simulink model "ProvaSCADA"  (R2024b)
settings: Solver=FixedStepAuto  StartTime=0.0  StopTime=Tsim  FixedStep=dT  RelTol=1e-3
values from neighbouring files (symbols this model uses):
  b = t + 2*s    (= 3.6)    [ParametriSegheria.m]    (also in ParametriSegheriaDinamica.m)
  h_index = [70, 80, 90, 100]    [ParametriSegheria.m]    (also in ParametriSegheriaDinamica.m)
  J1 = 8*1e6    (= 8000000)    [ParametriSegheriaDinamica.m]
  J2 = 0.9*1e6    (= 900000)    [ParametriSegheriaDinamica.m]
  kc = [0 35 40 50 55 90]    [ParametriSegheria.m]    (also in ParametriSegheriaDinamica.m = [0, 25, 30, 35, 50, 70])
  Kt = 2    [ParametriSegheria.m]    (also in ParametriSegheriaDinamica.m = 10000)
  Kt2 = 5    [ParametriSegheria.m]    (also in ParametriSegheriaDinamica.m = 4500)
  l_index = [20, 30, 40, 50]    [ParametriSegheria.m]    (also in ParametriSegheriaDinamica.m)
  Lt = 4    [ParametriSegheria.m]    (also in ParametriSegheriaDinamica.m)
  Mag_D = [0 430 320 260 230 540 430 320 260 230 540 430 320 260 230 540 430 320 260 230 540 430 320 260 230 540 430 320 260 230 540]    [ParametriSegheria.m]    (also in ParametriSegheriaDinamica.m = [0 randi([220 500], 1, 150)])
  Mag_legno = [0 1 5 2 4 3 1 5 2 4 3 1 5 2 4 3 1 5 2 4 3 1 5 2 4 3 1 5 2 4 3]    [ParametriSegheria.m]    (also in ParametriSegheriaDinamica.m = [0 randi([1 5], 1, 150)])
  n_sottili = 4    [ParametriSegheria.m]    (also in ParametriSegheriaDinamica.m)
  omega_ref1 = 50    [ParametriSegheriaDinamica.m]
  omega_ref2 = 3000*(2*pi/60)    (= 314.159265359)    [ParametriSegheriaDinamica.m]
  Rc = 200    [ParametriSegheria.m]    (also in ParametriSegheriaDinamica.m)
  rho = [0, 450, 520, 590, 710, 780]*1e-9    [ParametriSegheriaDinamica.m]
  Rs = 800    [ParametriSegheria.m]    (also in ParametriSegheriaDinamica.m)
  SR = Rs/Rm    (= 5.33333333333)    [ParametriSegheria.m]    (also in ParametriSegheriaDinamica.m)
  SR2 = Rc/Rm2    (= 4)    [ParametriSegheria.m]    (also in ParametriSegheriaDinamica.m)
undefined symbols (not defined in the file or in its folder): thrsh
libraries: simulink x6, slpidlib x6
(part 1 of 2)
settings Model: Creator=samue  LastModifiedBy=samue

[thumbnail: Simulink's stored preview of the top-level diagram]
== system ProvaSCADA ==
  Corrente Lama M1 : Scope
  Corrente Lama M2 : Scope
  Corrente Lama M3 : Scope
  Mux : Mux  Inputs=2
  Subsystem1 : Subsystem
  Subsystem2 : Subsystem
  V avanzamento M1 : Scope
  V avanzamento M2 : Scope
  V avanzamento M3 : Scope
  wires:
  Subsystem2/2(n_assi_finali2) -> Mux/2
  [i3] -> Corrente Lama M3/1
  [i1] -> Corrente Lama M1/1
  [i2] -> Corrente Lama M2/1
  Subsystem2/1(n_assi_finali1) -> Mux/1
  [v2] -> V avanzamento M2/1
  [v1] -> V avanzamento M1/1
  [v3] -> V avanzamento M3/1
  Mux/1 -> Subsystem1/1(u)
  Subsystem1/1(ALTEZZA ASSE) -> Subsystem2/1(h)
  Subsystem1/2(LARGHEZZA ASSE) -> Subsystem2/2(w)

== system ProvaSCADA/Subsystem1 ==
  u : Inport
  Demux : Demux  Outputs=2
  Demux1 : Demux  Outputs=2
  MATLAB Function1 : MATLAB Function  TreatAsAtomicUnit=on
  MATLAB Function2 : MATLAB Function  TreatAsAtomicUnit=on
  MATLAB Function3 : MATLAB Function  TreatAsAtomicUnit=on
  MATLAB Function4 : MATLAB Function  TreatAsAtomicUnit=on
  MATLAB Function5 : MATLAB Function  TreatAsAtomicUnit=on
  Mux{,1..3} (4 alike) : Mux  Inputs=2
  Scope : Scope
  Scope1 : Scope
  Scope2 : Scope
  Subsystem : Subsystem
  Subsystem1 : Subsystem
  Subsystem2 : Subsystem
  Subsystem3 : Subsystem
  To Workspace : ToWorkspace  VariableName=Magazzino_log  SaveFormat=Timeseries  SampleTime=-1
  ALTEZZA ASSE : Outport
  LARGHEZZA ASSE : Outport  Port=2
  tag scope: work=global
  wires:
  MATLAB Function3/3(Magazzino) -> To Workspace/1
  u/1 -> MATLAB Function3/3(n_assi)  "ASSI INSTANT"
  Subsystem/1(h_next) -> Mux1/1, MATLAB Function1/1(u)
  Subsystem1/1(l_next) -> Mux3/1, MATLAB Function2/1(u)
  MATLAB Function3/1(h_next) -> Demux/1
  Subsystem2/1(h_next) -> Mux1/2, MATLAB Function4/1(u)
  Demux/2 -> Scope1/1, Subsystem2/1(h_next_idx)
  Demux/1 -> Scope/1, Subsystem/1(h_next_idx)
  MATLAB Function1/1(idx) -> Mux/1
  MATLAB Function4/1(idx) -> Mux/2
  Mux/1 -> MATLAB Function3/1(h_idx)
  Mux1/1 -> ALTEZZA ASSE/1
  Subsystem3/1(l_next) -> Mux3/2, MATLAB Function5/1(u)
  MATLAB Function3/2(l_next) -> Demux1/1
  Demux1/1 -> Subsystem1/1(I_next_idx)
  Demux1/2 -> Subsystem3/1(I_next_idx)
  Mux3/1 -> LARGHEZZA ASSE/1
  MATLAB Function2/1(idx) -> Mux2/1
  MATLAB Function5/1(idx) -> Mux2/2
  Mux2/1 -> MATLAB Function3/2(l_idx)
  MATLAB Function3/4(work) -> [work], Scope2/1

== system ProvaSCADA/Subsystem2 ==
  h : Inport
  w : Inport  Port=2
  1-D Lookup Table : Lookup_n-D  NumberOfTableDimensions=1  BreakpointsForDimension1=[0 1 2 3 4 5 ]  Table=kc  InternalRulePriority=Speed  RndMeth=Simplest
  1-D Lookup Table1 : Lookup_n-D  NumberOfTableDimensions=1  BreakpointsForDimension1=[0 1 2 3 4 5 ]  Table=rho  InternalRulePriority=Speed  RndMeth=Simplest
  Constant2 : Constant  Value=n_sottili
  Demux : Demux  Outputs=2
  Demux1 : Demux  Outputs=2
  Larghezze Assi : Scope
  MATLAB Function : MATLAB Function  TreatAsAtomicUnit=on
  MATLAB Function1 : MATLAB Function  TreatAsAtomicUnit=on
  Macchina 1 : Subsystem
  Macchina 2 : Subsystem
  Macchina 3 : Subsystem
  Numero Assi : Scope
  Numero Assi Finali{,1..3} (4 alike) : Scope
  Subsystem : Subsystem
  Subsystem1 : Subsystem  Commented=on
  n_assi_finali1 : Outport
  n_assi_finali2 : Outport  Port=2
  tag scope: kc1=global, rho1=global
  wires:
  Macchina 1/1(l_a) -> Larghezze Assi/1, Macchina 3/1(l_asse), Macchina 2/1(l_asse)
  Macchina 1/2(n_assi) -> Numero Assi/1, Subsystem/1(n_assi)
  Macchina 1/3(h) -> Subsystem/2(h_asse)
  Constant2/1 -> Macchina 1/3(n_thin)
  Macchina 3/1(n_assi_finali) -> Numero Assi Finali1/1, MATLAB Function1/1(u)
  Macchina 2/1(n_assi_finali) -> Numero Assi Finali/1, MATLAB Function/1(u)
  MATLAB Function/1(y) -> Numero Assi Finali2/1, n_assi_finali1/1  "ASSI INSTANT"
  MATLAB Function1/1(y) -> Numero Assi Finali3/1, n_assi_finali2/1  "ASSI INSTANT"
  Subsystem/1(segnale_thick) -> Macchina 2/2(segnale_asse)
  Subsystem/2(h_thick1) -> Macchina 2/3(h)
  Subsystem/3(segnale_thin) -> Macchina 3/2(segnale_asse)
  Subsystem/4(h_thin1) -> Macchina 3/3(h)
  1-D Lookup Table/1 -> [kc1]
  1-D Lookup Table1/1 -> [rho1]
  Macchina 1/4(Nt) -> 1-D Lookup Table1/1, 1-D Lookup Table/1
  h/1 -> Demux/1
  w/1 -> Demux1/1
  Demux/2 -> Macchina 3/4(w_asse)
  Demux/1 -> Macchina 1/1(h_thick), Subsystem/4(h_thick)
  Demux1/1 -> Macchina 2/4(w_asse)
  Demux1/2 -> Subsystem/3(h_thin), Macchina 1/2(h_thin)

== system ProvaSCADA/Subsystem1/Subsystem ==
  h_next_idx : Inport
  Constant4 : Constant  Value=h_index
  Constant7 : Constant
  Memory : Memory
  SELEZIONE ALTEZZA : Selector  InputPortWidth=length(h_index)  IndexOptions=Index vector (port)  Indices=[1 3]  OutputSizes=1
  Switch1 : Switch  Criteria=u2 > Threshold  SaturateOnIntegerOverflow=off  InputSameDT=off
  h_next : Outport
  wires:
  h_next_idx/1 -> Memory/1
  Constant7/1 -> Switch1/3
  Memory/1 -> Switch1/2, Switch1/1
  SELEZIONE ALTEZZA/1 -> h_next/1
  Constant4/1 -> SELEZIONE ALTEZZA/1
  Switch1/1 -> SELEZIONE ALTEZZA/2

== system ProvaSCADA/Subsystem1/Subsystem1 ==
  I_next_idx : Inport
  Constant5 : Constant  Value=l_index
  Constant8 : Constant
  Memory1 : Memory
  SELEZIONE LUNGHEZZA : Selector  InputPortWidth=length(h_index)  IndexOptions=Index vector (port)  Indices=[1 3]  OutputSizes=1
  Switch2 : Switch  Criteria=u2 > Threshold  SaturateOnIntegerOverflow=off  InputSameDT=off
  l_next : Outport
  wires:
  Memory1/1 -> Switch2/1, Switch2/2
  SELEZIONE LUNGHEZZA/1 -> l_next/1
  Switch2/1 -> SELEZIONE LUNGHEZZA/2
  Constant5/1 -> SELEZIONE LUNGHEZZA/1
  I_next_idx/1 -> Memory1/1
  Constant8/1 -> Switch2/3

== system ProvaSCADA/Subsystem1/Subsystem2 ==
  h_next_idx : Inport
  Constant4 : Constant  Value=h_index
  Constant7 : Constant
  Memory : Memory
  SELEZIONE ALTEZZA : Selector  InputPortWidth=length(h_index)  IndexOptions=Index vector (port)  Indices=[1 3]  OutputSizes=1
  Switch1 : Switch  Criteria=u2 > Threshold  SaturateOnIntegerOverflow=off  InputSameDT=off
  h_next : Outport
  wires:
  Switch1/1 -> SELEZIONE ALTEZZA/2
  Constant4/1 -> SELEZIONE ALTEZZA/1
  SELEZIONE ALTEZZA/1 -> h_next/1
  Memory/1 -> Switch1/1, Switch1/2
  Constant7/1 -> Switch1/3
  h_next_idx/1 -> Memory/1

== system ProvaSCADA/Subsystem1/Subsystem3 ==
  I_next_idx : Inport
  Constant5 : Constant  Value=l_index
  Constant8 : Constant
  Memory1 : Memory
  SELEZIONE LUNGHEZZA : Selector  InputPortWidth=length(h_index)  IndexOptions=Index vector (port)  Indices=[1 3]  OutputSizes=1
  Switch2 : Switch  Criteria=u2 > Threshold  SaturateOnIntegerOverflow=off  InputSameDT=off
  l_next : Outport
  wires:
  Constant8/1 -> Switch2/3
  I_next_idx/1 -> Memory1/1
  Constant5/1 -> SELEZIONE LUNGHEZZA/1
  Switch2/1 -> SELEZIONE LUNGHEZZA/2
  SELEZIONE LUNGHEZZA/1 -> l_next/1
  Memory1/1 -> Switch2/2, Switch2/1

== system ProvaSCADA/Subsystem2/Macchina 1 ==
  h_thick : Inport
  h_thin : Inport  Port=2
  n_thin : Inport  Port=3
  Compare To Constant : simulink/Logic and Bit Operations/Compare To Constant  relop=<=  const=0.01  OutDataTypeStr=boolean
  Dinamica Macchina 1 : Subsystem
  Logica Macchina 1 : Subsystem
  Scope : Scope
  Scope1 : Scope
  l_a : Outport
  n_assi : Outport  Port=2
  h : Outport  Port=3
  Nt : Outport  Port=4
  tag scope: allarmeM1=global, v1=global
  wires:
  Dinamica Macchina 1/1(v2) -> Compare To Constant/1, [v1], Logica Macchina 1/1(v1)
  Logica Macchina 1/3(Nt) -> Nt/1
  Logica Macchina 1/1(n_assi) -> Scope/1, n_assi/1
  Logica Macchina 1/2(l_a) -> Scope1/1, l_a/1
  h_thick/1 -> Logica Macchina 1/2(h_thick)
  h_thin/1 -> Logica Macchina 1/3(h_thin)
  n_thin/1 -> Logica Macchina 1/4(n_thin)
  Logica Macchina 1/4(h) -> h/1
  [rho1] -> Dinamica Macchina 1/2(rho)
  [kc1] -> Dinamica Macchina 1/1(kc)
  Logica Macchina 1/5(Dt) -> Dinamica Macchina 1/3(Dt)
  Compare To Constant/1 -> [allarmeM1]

◇ ◇ ◇ ◇ ◇

__Aim of the task__.
Using only the listing above, restate exactly the lines from the line containing "Subsystem1/1(ALTEZZA ASSE) ->" through the line containing "MATLAB Function3/4(work) ->", both included.

__Exercise solution__.
  Subsystem1/1(ALTEZZA ASSE) -> Subsystem2/1(h)
  Subsystem1/2(LARGHEZZA ASSE) -> Subsystem2/2(w)

== system ProvaSCADA/Subsystem1 ==
  u : Inport
  Demux : Demux  Outputs=2
  Demux1 : Demux  Outputs=2
  MATLAB Function1 : MATLAB Function  TreatAsAtomicUnit=on
  MATLAB Function2 : MATLAB Function  TreatAsAtomicUnit=on
  MATLAB Function3 : MATLAB Function  TreatAsAtomicUnit=on
  MATLAB Function4 : MATLAB Function  TreatAsAtomicUnit=on
  MATLAB Function5 : MATLAB Function  TreatAsAtomicUnit=on
  Mux{,1..3} (4 alike) : Mux  Inputs=2
  Scope : Scope
  Scope1 : Scope
  Scope2 : Scope
  Subsystem : Subsystem
  Subsystem1 : Subsystem
  Subsystem2 : Subsystem
  Subsystem3 : Subsystem
  To Workspace : ToWorkspace  VariableName=Magazzino_log  SaveFormat=Timeseries  SampleTime=-1
  ALTEZZA ASSE : Outport
  LARGHEZZA ASSE : Outport  Port=2
  tag scope: work=global
  wires:
  MATLAB Function3/3(Magazzino) -> To Workspace/1
  u/1 -> MATLAB Function3/3(n_assi)  "ASSI INSTANT"
  Subsystem/1(h_next) -> Mux1/1, MATLAB Function1/1(u)
  Subsystem1/1(l_next) -> Mux3/1, MATLAB Function2/1(u)
  MATLAB Function3/1(h_next) -> Demux/1
  Subsystem2/1(h_next) -> Mux1/2, MATLAB Function4/1(u)
  Demux/2 -> Scope1/1, Subsystem2/1(h_next_idx)
  Demux/1 -> Scope/1, Subsystem/1(h_next_idx)
  MATLAB Function1/1(idx) -> Mux/1
  MATLAB Function4/1(idx) -> Mux/2
  Mux/1 -> MATLAB Function3/1(h_idx)
  Mux1/1 -> ALTEZZA ASSE/1
  Subsystem3/1(l_next) -> Mux3/2, MATLAB Function5/1(u)
  MATLAB Function3/2(l_next) -> Demux1/1
  Demux1/1 -> Subsystem1/1(I_next_idx)
  Demux1/2 -> Subsystem3/1(I_next_idx)
  Mux3/1 -> LARGHEZZA ASSE/1
  MATLAB Function2/1(idx) -> Mux2/1
  MATLAB Function5/1(idx) -> Mux2/2
  Mux2/1 -> MATLAB Function3/2(l_idx)
  MATLAB Function3/4(work) -> [work], Scope2/1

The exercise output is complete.